• _TO DO_
The data below holds a line containing "Voltage Measurement7/1 -> [Vcn2]" and a line containing "[lowerc] -> capacitor voltages2/1"; please quote exactly those two lines and every line between them, and nothing else.

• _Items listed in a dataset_

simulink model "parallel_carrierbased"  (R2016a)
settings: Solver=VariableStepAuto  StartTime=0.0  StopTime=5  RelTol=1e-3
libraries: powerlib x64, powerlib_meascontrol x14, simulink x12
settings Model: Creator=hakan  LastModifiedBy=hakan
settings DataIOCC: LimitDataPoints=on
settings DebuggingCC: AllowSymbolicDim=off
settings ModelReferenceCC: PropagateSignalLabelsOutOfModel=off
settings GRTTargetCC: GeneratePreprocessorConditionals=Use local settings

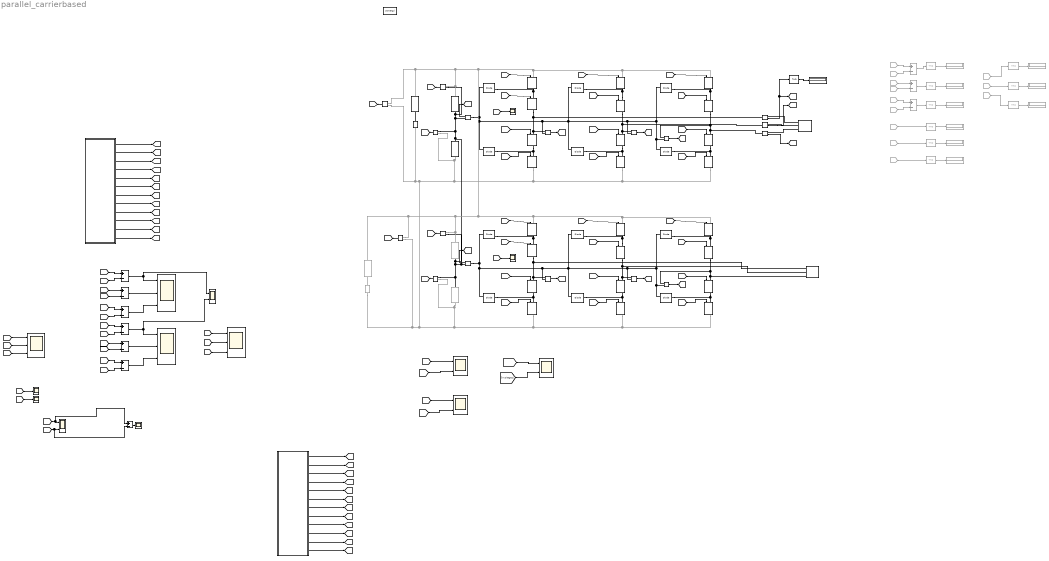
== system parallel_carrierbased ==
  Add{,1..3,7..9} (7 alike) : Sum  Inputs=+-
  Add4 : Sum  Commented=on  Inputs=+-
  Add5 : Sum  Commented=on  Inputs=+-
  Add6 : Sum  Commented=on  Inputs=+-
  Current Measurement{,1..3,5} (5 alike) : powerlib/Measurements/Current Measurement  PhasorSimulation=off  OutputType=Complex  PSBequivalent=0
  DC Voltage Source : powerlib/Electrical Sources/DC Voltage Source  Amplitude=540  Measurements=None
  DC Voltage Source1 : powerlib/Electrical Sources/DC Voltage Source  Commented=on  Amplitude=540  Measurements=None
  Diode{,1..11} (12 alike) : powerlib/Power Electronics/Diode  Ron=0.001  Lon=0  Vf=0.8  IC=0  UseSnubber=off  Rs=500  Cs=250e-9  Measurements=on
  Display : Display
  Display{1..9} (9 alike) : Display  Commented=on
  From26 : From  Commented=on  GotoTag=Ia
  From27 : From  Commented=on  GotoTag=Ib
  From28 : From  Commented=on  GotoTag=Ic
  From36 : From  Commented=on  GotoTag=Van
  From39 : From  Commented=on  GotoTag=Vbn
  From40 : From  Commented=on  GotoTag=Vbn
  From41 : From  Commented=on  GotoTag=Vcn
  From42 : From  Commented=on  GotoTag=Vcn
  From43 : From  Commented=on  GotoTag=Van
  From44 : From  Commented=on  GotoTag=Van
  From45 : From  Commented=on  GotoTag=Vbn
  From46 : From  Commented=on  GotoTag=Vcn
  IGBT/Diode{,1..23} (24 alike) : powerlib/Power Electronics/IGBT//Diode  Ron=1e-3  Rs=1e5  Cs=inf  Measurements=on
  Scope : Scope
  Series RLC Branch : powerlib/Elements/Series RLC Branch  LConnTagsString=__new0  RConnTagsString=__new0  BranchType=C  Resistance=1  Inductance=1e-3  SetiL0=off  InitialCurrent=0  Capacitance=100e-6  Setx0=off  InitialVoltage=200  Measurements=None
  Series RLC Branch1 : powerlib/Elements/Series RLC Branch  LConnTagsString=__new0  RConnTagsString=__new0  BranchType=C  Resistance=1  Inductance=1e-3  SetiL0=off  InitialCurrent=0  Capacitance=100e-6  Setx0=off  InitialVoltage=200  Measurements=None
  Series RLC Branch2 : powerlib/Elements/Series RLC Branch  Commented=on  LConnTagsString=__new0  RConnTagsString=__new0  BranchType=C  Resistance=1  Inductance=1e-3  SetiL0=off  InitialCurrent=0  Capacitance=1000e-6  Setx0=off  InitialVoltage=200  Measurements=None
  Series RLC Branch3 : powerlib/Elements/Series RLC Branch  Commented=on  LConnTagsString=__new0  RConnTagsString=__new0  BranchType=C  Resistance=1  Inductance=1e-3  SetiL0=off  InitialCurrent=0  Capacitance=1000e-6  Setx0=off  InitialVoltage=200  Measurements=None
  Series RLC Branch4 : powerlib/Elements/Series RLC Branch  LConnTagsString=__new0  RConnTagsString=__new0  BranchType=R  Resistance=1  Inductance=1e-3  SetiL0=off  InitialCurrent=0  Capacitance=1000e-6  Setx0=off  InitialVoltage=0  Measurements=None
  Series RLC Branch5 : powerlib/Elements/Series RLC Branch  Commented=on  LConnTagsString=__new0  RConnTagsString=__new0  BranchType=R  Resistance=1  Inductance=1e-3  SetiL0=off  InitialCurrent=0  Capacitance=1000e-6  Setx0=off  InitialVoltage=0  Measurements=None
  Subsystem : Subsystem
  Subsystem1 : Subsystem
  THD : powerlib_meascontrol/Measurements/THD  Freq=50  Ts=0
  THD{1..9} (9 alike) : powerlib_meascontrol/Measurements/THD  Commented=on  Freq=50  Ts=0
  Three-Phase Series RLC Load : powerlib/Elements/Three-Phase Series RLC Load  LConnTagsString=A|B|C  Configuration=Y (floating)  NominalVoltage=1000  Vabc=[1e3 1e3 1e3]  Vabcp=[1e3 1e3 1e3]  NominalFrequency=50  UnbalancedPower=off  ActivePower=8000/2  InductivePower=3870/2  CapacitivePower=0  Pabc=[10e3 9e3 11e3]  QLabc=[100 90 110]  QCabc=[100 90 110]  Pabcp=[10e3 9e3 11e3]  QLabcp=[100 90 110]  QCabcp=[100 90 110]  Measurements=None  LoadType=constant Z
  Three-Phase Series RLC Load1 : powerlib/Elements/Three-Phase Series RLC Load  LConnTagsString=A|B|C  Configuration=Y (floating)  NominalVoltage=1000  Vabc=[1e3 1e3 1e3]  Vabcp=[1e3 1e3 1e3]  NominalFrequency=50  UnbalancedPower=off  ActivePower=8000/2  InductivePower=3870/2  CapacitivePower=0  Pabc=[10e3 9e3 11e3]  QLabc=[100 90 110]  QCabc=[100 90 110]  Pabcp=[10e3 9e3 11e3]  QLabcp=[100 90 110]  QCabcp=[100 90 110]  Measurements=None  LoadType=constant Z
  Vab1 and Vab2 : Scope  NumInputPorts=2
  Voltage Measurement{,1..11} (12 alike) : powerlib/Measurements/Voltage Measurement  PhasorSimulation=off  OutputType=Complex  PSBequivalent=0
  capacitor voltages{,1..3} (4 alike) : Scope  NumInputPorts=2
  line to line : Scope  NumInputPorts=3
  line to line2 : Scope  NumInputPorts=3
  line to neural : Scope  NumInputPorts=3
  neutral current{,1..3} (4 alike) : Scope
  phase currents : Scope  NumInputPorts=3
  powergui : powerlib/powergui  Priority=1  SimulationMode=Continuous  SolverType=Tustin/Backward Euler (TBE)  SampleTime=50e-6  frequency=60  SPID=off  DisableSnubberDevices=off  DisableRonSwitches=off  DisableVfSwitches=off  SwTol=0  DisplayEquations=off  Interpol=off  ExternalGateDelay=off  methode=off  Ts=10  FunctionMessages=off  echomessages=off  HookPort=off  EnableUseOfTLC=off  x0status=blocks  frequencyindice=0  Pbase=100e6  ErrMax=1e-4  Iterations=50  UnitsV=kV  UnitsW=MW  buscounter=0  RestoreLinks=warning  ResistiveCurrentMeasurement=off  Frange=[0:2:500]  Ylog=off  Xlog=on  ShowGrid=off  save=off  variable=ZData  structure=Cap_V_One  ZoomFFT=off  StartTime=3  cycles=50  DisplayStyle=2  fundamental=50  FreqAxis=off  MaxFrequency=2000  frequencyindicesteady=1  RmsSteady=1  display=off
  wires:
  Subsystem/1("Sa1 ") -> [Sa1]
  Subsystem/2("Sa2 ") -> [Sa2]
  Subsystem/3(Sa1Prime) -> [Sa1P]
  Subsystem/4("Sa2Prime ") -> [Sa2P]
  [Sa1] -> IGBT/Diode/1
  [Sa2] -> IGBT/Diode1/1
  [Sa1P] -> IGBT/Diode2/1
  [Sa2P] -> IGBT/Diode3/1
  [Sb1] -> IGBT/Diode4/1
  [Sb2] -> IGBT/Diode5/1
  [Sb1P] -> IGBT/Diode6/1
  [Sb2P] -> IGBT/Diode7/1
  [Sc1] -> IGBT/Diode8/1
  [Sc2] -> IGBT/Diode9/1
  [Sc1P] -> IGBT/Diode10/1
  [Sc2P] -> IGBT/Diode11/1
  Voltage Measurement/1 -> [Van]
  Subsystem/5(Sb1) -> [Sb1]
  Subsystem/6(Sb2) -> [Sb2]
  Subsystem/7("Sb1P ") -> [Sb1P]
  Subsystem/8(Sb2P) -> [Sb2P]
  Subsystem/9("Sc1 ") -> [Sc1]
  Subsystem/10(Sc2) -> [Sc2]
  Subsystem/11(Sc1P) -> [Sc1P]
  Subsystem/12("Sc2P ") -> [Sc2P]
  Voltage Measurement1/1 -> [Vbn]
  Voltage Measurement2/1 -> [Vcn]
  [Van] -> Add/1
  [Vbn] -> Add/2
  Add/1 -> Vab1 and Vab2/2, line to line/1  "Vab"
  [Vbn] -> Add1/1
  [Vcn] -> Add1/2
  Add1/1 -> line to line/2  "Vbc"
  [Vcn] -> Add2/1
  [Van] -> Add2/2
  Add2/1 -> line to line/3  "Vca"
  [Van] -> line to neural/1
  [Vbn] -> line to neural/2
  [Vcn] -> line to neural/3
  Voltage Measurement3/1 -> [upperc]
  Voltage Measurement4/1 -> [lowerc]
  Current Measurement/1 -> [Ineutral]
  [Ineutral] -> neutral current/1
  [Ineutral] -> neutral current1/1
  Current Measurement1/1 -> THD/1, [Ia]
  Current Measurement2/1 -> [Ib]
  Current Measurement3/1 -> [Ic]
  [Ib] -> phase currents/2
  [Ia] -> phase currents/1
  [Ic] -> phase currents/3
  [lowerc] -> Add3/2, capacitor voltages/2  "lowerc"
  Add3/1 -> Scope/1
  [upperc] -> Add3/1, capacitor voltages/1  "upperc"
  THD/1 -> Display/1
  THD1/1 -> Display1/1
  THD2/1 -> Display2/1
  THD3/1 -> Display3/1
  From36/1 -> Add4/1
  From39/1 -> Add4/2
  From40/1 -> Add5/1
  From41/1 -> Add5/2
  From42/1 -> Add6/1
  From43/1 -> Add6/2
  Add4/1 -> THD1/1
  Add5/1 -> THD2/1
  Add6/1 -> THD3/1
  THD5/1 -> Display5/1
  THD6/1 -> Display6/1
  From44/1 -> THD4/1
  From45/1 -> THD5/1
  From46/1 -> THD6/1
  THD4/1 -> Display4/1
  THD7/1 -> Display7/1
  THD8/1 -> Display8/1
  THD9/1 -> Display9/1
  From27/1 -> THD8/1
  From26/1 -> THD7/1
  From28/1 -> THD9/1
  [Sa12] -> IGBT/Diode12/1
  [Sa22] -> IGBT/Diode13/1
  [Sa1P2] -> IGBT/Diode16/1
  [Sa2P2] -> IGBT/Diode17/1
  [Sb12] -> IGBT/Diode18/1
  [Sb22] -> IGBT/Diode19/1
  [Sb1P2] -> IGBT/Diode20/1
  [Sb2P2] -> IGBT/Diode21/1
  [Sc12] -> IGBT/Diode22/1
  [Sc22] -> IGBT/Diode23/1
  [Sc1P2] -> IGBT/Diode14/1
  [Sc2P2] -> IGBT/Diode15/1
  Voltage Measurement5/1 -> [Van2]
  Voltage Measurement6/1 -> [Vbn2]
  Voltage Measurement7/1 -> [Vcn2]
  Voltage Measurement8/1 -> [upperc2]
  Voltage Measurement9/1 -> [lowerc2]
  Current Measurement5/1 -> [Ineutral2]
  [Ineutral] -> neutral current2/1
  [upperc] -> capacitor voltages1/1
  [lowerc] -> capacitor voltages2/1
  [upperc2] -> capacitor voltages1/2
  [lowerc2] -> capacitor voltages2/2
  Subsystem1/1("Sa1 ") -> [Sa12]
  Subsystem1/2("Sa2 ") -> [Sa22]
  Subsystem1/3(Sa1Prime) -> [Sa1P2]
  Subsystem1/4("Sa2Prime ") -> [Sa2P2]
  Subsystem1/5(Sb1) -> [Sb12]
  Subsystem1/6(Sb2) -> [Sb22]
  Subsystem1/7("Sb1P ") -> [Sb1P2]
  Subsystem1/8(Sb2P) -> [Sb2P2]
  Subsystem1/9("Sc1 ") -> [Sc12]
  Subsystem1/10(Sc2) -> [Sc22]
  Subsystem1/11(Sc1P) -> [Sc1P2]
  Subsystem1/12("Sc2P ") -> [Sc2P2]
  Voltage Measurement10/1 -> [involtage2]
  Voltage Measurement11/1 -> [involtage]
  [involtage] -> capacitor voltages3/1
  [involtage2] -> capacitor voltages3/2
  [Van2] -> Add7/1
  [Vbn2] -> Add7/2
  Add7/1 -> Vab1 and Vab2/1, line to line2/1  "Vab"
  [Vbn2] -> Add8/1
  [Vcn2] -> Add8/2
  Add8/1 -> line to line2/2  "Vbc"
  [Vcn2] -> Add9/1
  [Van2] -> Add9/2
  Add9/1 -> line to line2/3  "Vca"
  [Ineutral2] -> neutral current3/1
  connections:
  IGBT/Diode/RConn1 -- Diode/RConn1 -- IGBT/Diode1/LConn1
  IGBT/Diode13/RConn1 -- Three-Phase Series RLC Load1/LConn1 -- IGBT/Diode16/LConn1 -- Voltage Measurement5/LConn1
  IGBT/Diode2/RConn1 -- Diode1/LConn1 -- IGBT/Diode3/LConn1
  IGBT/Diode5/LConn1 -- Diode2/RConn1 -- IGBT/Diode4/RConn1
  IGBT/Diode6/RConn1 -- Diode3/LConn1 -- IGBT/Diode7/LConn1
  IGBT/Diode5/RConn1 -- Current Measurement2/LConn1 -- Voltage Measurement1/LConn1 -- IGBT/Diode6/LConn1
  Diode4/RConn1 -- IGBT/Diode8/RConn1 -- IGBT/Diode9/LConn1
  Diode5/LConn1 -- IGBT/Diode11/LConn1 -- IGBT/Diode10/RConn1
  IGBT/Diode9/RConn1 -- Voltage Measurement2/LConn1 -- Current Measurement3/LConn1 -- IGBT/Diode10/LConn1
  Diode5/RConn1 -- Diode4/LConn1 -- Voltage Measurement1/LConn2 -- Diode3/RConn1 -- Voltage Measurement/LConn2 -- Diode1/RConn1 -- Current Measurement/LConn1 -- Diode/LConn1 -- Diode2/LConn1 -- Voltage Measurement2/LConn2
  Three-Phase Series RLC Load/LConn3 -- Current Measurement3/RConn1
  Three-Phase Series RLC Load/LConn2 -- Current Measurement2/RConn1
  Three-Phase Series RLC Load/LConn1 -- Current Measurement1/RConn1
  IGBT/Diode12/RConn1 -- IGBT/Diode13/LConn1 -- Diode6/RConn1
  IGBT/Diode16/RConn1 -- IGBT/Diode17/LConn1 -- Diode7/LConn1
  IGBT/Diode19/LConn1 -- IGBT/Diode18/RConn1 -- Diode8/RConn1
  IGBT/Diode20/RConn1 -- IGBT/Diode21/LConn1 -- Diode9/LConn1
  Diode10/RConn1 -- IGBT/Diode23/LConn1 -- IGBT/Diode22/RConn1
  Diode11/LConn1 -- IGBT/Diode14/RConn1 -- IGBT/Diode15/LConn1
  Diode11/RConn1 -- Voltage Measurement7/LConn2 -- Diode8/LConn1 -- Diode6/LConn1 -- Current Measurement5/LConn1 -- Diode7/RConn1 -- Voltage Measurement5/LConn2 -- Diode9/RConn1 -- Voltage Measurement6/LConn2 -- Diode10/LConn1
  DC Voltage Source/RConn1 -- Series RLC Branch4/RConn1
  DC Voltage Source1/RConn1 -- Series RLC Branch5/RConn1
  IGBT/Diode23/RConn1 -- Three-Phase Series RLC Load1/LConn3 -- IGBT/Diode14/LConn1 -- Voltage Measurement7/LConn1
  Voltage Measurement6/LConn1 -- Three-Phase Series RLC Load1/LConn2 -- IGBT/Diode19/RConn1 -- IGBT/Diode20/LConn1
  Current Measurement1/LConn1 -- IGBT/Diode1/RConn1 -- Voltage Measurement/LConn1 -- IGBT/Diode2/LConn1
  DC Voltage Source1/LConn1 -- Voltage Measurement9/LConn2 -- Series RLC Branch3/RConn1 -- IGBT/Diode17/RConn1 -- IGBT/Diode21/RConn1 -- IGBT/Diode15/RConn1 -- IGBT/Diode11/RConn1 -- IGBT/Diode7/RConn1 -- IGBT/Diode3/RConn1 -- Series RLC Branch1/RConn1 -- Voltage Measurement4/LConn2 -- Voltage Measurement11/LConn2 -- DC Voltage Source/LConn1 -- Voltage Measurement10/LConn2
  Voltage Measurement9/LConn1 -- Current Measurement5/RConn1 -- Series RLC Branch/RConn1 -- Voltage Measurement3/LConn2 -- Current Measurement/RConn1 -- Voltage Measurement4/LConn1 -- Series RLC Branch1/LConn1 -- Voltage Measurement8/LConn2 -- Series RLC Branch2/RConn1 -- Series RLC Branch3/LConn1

• _PROBLEM SOLUTION_
  Voltage Measurement7/1 -> [Vcn2]
  Voltage Measurement8/1 -> [upperc2]
  Voltage Measurement9/1 -> [lowerc2]
  Current Measurement5/1 -> [Ineutral2]
  [Ineutral] -> neutral current2/1
  [upperc] -> capacitor voltages1/1
  [lowerc] -> capacitor voltages2/1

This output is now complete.